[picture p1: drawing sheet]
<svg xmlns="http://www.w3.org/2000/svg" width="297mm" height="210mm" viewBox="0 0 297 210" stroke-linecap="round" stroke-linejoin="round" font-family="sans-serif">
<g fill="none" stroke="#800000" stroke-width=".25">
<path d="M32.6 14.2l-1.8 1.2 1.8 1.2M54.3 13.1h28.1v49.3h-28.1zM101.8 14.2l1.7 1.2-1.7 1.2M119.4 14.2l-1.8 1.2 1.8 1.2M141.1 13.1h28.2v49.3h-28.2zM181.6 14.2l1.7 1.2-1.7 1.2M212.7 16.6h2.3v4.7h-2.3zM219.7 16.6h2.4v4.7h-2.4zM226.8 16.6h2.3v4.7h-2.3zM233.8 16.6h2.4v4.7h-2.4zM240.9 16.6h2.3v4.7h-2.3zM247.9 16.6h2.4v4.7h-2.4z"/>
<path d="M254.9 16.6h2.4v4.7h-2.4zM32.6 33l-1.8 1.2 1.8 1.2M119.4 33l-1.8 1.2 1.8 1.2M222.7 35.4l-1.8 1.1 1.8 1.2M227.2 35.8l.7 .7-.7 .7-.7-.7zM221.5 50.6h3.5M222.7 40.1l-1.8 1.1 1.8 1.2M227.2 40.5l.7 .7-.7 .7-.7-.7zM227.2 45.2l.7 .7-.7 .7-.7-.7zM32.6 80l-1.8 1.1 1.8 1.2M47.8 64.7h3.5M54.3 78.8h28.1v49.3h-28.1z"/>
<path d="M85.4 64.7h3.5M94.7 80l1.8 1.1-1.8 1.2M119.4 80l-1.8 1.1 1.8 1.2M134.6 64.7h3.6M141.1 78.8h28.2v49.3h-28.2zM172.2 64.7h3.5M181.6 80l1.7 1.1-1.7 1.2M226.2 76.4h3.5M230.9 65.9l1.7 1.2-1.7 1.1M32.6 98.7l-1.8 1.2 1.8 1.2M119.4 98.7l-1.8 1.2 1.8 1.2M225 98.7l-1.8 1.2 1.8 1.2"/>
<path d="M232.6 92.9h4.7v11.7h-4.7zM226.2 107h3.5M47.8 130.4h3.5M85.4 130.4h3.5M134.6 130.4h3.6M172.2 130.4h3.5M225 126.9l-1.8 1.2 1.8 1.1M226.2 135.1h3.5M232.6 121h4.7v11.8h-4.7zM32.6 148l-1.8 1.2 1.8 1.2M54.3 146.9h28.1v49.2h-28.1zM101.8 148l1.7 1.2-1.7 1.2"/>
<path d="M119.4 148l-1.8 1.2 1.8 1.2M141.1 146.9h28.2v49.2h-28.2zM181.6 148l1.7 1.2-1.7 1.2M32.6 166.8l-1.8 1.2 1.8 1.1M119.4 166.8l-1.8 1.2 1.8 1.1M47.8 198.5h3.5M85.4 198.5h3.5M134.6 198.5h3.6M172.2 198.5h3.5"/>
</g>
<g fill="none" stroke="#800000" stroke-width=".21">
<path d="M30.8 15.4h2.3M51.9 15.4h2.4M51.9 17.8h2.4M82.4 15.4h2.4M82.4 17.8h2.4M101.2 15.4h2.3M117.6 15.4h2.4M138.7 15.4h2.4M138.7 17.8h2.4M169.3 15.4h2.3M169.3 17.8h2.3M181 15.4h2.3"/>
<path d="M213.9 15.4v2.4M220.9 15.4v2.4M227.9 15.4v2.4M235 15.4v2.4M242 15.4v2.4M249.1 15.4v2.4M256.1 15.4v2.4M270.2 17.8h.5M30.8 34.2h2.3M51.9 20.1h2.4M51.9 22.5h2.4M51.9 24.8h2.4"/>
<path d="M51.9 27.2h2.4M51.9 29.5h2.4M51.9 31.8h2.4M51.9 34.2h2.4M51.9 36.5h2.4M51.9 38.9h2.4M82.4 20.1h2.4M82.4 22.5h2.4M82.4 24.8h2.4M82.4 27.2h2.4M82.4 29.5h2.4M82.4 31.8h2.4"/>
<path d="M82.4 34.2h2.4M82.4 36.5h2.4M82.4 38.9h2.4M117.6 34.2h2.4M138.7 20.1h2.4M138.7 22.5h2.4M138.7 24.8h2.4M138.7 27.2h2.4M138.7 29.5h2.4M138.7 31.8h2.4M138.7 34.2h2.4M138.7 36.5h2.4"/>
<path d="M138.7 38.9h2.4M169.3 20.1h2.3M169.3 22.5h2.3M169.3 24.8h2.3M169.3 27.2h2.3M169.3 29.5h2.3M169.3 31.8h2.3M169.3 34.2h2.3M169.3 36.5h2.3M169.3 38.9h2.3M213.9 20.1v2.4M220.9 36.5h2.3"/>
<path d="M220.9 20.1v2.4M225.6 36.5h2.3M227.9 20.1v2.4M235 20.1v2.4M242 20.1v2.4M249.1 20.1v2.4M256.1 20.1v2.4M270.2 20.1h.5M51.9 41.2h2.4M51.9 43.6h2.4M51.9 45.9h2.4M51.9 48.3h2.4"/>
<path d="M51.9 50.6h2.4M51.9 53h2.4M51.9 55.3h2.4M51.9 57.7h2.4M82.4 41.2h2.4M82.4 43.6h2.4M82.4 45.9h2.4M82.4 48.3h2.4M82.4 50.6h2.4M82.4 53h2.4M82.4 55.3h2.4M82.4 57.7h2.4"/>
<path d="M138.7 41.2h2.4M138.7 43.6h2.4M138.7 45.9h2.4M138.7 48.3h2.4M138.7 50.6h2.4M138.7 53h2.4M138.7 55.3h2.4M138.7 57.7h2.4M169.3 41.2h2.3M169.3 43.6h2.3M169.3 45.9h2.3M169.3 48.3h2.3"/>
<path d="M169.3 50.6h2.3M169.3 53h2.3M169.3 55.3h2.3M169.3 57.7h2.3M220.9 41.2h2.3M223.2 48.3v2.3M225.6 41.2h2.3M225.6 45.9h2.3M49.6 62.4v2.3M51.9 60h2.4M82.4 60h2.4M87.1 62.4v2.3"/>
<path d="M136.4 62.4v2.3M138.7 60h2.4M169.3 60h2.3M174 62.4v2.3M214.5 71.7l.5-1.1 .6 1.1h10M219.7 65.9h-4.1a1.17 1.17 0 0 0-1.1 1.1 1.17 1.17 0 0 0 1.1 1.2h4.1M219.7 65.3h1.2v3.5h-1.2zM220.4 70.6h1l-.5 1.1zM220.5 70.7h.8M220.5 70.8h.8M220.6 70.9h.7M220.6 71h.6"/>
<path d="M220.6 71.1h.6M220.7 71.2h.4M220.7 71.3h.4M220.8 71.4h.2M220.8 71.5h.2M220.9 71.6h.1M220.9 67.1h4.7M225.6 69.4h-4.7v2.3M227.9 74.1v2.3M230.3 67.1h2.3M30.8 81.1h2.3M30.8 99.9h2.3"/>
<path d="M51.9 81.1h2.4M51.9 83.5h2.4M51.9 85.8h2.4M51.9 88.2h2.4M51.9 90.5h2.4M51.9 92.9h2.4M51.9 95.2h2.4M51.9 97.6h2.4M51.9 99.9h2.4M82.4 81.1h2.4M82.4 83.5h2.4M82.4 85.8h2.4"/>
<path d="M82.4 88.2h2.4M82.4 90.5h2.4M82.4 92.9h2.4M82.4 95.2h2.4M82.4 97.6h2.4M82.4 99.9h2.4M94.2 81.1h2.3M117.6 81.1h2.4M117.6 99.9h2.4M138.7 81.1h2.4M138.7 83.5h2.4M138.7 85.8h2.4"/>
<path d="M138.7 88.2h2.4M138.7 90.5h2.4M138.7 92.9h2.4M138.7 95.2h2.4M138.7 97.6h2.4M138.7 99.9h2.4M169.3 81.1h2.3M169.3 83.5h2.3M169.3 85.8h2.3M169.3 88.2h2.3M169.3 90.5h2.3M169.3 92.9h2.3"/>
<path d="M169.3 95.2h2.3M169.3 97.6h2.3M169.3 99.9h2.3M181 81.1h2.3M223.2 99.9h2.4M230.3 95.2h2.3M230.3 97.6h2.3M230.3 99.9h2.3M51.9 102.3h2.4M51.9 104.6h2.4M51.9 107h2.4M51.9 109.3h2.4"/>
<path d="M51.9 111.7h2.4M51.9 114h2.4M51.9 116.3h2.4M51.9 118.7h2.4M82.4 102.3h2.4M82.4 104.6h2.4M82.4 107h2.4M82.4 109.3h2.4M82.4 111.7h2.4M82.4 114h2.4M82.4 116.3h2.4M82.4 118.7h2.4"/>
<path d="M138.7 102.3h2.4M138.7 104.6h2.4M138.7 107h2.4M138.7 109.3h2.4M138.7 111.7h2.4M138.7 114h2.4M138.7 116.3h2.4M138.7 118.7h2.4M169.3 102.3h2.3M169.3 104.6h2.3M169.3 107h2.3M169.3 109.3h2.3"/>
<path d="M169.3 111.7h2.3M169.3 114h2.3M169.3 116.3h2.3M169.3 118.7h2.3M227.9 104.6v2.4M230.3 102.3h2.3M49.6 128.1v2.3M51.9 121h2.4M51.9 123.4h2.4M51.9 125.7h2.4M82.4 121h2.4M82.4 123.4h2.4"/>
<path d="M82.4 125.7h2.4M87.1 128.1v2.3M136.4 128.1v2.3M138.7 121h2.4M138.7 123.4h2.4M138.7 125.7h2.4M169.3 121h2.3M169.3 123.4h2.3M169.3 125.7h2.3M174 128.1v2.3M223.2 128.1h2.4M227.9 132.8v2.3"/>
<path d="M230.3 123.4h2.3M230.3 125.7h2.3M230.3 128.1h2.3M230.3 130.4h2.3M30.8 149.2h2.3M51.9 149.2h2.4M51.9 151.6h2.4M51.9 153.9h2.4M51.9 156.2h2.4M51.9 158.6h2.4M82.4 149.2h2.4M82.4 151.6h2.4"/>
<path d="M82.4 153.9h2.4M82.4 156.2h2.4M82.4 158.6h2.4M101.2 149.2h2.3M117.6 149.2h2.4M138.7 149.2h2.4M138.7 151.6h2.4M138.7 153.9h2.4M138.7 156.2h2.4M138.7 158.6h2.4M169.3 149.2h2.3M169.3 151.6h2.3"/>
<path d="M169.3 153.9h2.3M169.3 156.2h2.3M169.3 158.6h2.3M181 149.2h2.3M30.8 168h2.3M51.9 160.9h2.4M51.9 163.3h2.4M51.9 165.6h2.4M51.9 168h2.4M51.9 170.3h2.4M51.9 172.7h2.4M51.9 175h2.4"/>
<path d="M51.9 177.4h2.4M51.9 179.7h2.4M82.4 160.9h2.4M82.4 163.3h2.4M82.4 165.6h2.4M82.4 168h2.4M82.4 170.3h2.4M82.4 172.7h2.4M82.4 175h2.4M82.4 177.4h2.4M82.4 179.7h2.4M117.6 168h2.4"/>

########################################

**Exercise goal:**
Each line above that has the word "none" should be copied.

**Answer box:**
<g fill="none" stroke="#800000" stroke-width=".25">
<g fill="none" stroke="#800000" stroke-width=".21">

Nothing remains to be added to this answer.